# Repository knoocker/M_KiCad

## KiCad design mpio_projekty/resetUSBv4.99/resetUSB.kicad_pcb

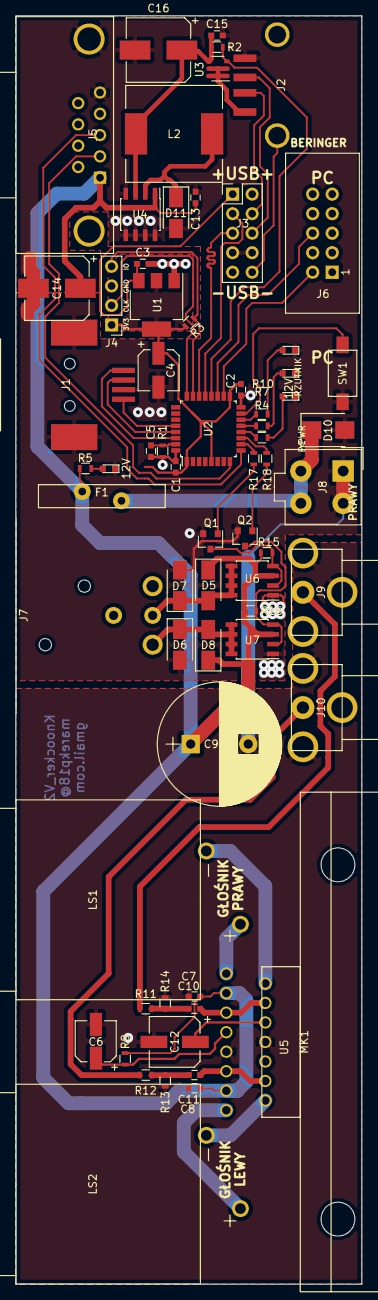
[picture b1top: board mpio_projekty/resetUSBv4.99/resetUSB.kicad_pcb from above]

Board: 2 copper layers, 45.0 x 165.0 mm, 67 parts (0 on the bottom side), 52 nets.

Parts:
C1, C2, C3, C5, C7, C8, C13, C15: 100n; C_0603
C4, C6: 10u; CP_Elec_5x5.3
C9: 4700u; CP_Radial_D16.0mm_P7.50mm
C10, C11: 0.47u; C_0603
C12: 47u; CP_Elec_6.3x5.3
C14, C16: 220u; CP_Elec_8x10.5
D1, D9: RED; LED_0603
D2: GREEN; LED_0603
D3: BLUE; LED_0603
D5, D6, D7, D8: US1D; D_SMA
D10: transil_15V; D_SMB
D11: SS14; D_SMA
F1: RG700-16; RG10A-16
J1: USBB-G-SMD; USB-B_SMD
J2: TUEA4F2SOBHT; USB-A_SMD
J3: Conn_02x05; Pin_Header_Straight_2x05_Pitch2.54mm
J4: SWD_4pin; Pin_Header_Straight_1x04_Pitch2.54mm
J5: DE09-SL-24; DSUB-9
J6: Conn_02x05; IDC10
J7: AC3MAH-AU-PRE
J8: Mini-Fit Jr; 4,2mm; Molex_MiniFit-JR-5556-04A_2x02x4.20mm_Straight
J9, J10: FC68391
L2: 47u; L_12x12mm_h6mm
LS1, LS2: NLJ2MD-H
MK1: SK48-50-SA-3
Q1, Q2: BC817; SOT-23
R1, R2, R3, R5: 100K; R_0603
R4: 22K; R_0603
R7: 6K8; R_0603
R9: 47K; R_0603
R10: 33K; R_0603
R11, R12: 4K7; R_0603
R13, R14, R15, R16, R17, R18: 10K; R_0603
SW1: TACTM-34N-F; SW_3x6_1,6x7,4
U1: LD1117S33TR; SOT-223-3_TabPin2
U2: STM32F042K6Tx; LQFP-32_7x7mm_Pitch0.8mm
U3: IRLTS2242; TSOP-6_1.65x3.05mm_Pitch0.95mm
U4: AP1509-50SG-13; SOIC-8_3.9x4.9mm_Pitch1.27mm
U5: TDA7375; MULTIWATT15
U6, U7: AO4616; SOIC-8_3.9x4.9mm_Pitch1.27mm

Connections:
+3V3: C1.1, C2.1, C4.1, J4.1, R3.2, U1.2, U2.1, U2.5, U2.17
+5P: C3.1, J3.1, U1.3
+5V: C15.1, C16.1, L2.2, R2.1, U3.4, U4.3
+12V: C7.1, C8.1, C9.1, C13.1, C14.1, D5.1, D6.1, F1.2, J5.1, R5.1, R9.1, R15.2, R16.2, U4.1, U5.3, U5.13, U6.3, U7.3
/LED_BLUE: R10.2, U2.14
/LED_GREEN: R7.2, U2.13
/LED_RED: R4.2, U2.12
/M_IN1: R17.2, U2.10
/M_IN2: R18.2, U2.11
/PC_LED: J6.2, U2.18
/PC_PWR: J6.6, U2.19
/PRZYCISK: SW1.2, U2.15
/RX: J5.3, U2.9
/RZUTNIK_DM: J1.2, U2.29
/RZUTNIK_DP: J1.3, U2.30
/RZUTNIK_VBUS: J1.1, U2.28
/SWCLK: J4.2, U2.24
/SWDIO: J4.4, R3.1, U2.23
/TX: J5.2, U2.8
/USB_DM: J3.3, U2.21
/USB_DP: J3.5, U2.22
/USB_PWR: R2.2, U2.20, U3.3
GND: C1.2, C2.2, C3.2, C4.2, C5.2, C6.2, C7.2, C8.2, C9.2, C12.2, C13.2, C14.2, C15.2, C16.2, D1.1, D2.1, D3.1, D7.2, D8.2, D9.1, D10.2, D11.2, J1.4, J1.5, J2.4, J3.7, J3.8, J4.3, J5.0, J5.5, J8.1, J8.2, J9.2, J10.2, Q1.2, Q2.2, R1.1, R13.2, R14.2, SW1.1, U1.1, U2.16, U2.32, U4.4, U4.5, U4.6, U4.7, U4.8, U5.8, U5.9, U6.1, U7.1
unnamed: C5.1, R1.2, U2.31
unnamed: C6.1, R9.2, U5.7
unnamed: C10.1, R11.2, R14.1
unnamed: C10.2, U5.4, U5.5
unnamed: C11.1, R12.2, R13.1
unnamed: C11.2, U5.11, U5.12
unnamed: C12.1, U5.6
unnamed: D1.2, R4.1
unnamed: D2.2, R7.1
unnamed: D3.2, R10.1
unnamed: D5.2, D7.1, J7.3, U6.5, U6.6, U6.7, U6.8
unnamed: D6.2, D8.1, J7.2, U7.5, U7.6, U7.7, U7.8
unnamed: D9.2, R5.2
unnamed: D10.1, F1.1, J8.3, J8.4
unnamed: D11.1, L2.1, U4.2
unnamed: J2.1, U3.1, U3.2, U3.5, U3.6
unnamed: J2.2, J3.4
unnamed: J2.3, J3.6
unnamed: J2.5, J3.10
unnamed: J9.1, R11.1
unnamed: J10.1, R12.1
unnamed: LS1.1, U5.1
unnamed: LS1.2, U5.2
unnamed: LS2.1, U5.15
unnamed: LS2.2, U5.14
unnamed: Q1.1, R17.1
unnamed: Q1.3, R15.1, U6.2, U6.4
unnamed: Q2.1, R18.1
unnamed: Q2.3, R16.1, U7.2, U7.4

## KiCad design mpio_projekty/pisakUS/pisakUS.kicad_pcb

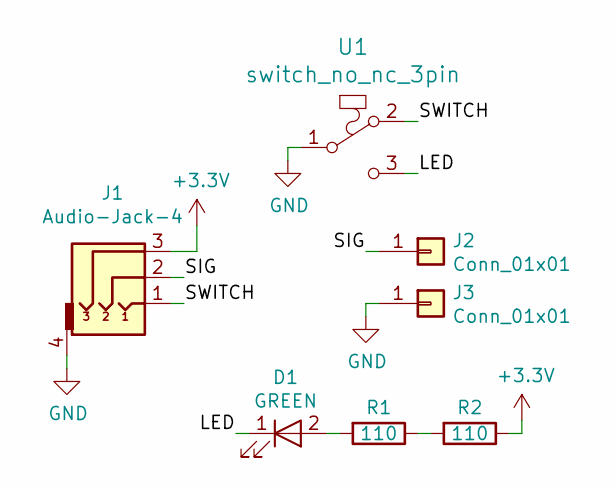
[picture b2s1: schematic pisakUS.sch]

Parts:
D1: GREEN; LED_0603
J1: Audio-Jack-4; 1503_13_VP3
J2, J3: Conn_01x01; Pin_Header_Straight_1x01_Pitch2.54mm
R1, R2: 110; R_0603
U1: switch_no_nc_3pin; D2FS-FL-N-T

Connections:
+3V3: J1.3, R2.1
/LED: D1.1 (K), U1.3
/SIG: J1.2, J2.1
/SWITCH: J1.1, U1.2
GND: J1.4, J3.1, U1.1
unnamed: D1.2 (A), R1.2
unnamed: R1.1, R2.2

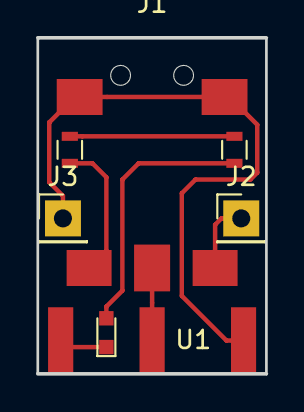
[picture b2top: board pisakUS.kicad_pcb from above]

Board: 2 copper layers, 12.7 x 18.7 mm, 7 parts (0 on the bottom side), 7 nets.

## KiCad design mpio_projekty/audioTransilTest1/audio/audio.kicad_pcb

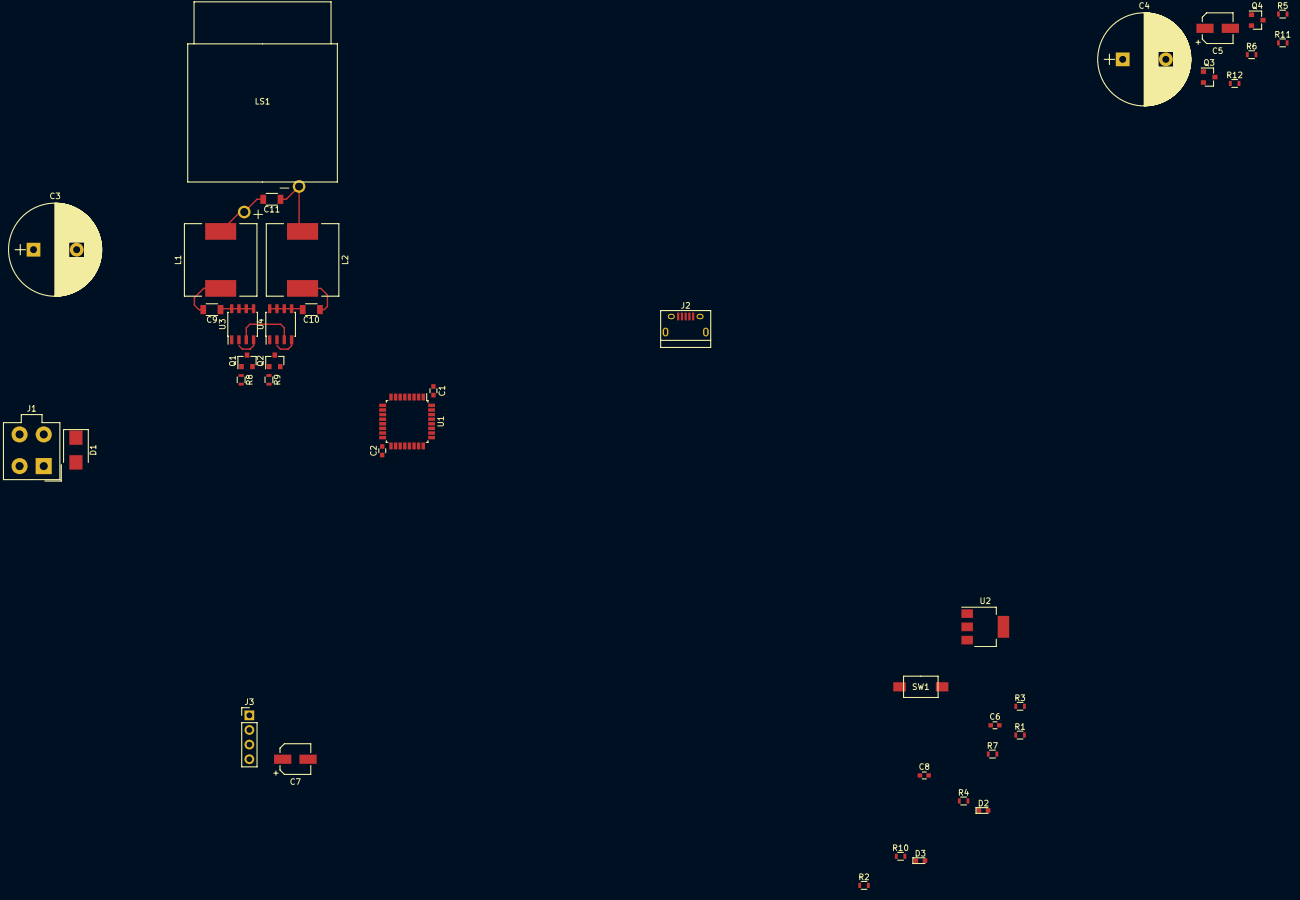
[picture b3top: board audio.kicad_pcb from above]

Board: 2 copper layers, 41 parts (0 on the bottom side), 29 nets.

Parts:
C1, C2, C6, C8: 100n; C_0603
C3: 4700u; CP_Radial_D16.0mm_P7.50mm
C4: 330u; CP_Radial_D16.0mm_P7.50mm
C5, C7: 10u; CP_Elec_5x5.3
C9, C10: 1u; C_1206
C11: 680n; C_1206
D1: transil_15V; D_SMB
D2, D3: RED; LED_0603
J1: Mini-Fit Jr; 4,2mm; Molex_MiniFit-JR-5556-04A_2x02x4.20mm_Straight
J2: USB_B; USB_Micro-B
J3: SWD_4pin; Pin_Header_Straight_1x04_Pitch2.54mm
L1, L2: 10/22u; L_12x12mm_h8mm
LS1: NLJ2MD-H
Q1, Q2, Q3, Q4: BC817; SOT-23
R1, R2, R3: 100K; R_0603
R4, R5, R6, R7, R8, R9, R11, R12: 10K; R_0603
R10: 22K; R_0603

========

● Goal of the exercise:
The entries above are to be returned exactly, without their pictures.

● Response:
# Repository knoocker/M_KiCad

## KiCad design mpio_projekty/resetUSBv4.99/resetUSB.kicad_pcb

[picture b1top: board mpio_projekty/resetUSBv4.99/resetUSB.kicad_pcb from above]

Board: 2 copper layers, 45.0 x 165.0 mm, 67 parts (0 on the bottom side), 52 nets.

Parts:
C1, C2, C3, C5, C7, C8, C13, C15: 100n; C_0603
C4, C6: 10u; CP_Elec_5x5.3
C9: 4700u; CP_Radial_D16.0mm_P7.50mm
C10, C11: 0.47u; C_0603
C12: 47u; CP_Elec_6.3x5.3
C14, C16: 220u; CP_Elec_8x10.5
D1, D9: RED; LED_0603
D2: GREEN; LED_0603
D3: BLUE; LED_0603
D5, D6, D7, D8: US1D; D_SMA
D10: transil_15V; D_SMB
D11: SS14; D_SMA
F1: RG700-16; RG10A-16
J1: USBB-G-SMD; USB-B_SMD
J2: TUEA4F2SOBHT; USB-A_SMD
J3: Conn_02x05; Pin_Header_Straight_2x05_Pitch2.54mm
J4: SWD_4pin; Pin_Header_Straight_1x04_Pitch2.54mm
J5: DE09-SL-24; DSUB-9
J6: Conn_02x05; IDC10
J7: AC3MAH-AU-PRE
J8: Mini-Fit Jr; 4,2mm; Molex_MiniFit-JR-5556-04A_2x02x4.20mm_Straight
J9, J10: FC68391
L2: 47u; L_12x12mm_h6mm
LS1, LS2: NLJ2MD-H
MK1: SK48-50-SA-3
Q1, Q2: BC817; SOT-23
R1, R2, R3, R5: 100K; R_0603
R4: 22K; R_0603
R7: 6K8; R_0603
R9: 47K; R_0603
R10: 33K; R_0603
R11, R12: 4K7; R_0603
R13, R14, R15, R16, R17, R18: 10K; R_0603
SW1: TACTM-34N-F; SW_3x6_1,6x7,4
U1: LD1117S33TR; SOT-223-3_TabPin2
U2: STM32F042K6Tx; LQFP-32_7x7mm_Pitch0.8mm
U3: IRLTS2242; TSOP-6_1.65x3.05mm_Pitch0.95mm
U4: AP1509-50SG-13; SOIC-8_3.9x4.9mm_Pitch1.27mm
U5: TDA7375; MULTIWATT15
U6, U7: AO4616; SOIC-8_3.9x4.9mm_Pitch1.27mm

Connections:
+3V3: C1.1, C2.1, C4.1, J4.1, R3.2, U1.2, U2.1, U2.5, U2.17
+5P: C3.1, J3.1, U1.3
+5V: C15.1, C16.1, L2.2, R2.1, U3.4, U4.3
+12V: C7.1, C8.1, C9.1, C13.1, C14.1, D5.1, D6.1, F1.2, J5.1, R5.1, R9.1, R15.2, R16.2, U4.1, U5.3, U5.13, U6.3, U7.3
/LED_BLUE: R10.2, U2.14
/LED_GREEN: R7.2, U2.13
/LED_RED: R4.2, U2.12
/M_IN1: R17.2, U2.10
/M_IN2: R18.2, U2.11
/PC_LED: J6.2, U2.18
/PC_PWR: J6.6, U2.19
/PRZYCISK: SW1.2, U2.15
/RX: J5.3, U2.9
/RZUTNIK_DM: J1.2, U2.29
/RZUTNIK_DP: J1.3, U2.30
/RZUTNIK_VBUS: J1.1, U2.28
/SWCLK: J4.2, U2.24
/SWDIO: J4.4, R3.1, U2.23
/TX: J5.2, U2.8
/USB_DM: J3.3, U2.21
/USB_DP: J3.5, U2.22
/USB_PWR: R2.2, U2.20, U3.3
GND: C1.2, C2.2, C3.2, C4.2, C5.2, C6.2, C7.2, C8.2, C9.2, C12.2, C13.2, C14.2, C15.2, C16.2, D1.1, D2.1, D3.1, D7.2, D8.2, D9.1, D10.2, D11.2, J1.4, J1.5, J2.4, J3.7, J3.8, J4.3, J5.0, J5.5, J8.1, J8.2, J9.2, J10.2, Q1.2, Q2.2, R1.1, R13.2, R14.2, SW1.1, U1.1, U2.16, U2.32, U4.4, U4.5, U4.6, U4.7, U4.8, U5.8, U5.9, U6.1, U7.1
unnamed: C5.1, R1.2, U2.31
unnamed: C6.1, R9.2, U5.7
unnamed: C10.1, R11.2, R14.1
unnamed: C10.2, U5.4, U5.5
unnamed: C11.1, R12.2, R13.1
unnamed: C11.2, U5.11, U5.12
unnamed: C12.1, U5.6
unnamed: D1.2, R4.1
unnamed: D2.2, R7.1
unnamed: D3.2, R10.1
unnamed: D5.2, D7.1, J7.3, U6.5, U6.6, U6.7, U6.8
unnamed: D6.2, D8.1, J7.2, U7.5, U7.6, U7.7, U7.8
unnamed: D9.2, R5.2
unnamed: D10.1, F1.1, J8.3, J8.4
unnamed: D11.1, L2.1, U4.2
unnamed: J2.1, U3.1, U3.2, U3.5, U3.6
unnamed: J2.2, J3.4
unnamed: J2.3, J3.6
unnamed: J2.5, J3.10
unnamed: J9.1, R11.1
unnamed: J10.1, R12.1
unnamed: LS1.1, U5.1
unnamed: LS1.2, U5.2
unnamed: LS2.1, U5.15
unnamed: LS2.2, U5.14
unnamed: Q1.1, R17.1
unnamed: Q1.3, R15.1, U6.2, U6.4
unnamed: Q2.1, R18.1
unnamed: Q2.3, R16.1, U7.2, U7.4

## KiCad design mpio_projekty/pisakUS/pisakUS.kicad_pcb

[picture b2s1: schematic pisakUS.sch]

Parts:
D1: GREEN; LED_0603
J1: Audio-Jack-4; 1503_13_VP3
J2, J3: Conn_01x01; Pin_Header_Straight_1x01_Pitch2.54mm
R1, R2: 110; R_0603
U1: switch_no_nc_3pin; D2FS-FL-N-T

Connections:
+3V3: J1.3, R2.1
/LED: D1.1 (K), U1.3
/SIG: J1.2, J2.1
/SWITCH: J1.1, U1.2
GND: J1.4, J3.1, U1.1
unnamed: D1.2 (A), R1.2
unnamed: R1.1, R2.2

[picture b2top: board pisakUS.kicad_pcb from above]

Board: 2 copper layers, 12.7 x 18.7 mm, 7 parts (0 on the bottom side), 7 nets.

## KiCad design mpio_projekty/audioTransilTest1/audio/audio.kicad_pcb

[picture b3top: board audio.kicad_pcb from above]

Board: 2 copper layers, 41 parts (0 on the bottom side), 29 nets.

Parts:
C1, C2, C6, C8: 100n; C_0603
C3: 4700u; CP_Radial_D16.0mm_P7.50mm
C4: 330u; CP_Radial_D16.0mm_P7.50mm
C5, C7: 10u; CP_Elec_5x5.3
C9, C10: 1u; C_1206
C11: 680n; C_1206
D1: transil_15V; D_SMB
D2, D3: RED; LED_0603
J1: Mini-Fit Jr; 4,2mm; Molex_MiniFit-JR-5556-04A_2x02x4.20mm_Straight
J2: USB_B; USB_Micro-B
J3: SWD_4pin; Pin_Header_Straight_1x04_Pitch2.54mm
L1, L2: 10/22u; L_12x12mm_h8mm
LS1: NLJ2MD-H
Q1, Q2, Q3, Q4: BC817; SOT-23
R1, R2, R3: 100K; R_0603
R4, R5, R6, R7, R8, R9, R11, R12: 10K; R_0603
R10: 22K; R_0603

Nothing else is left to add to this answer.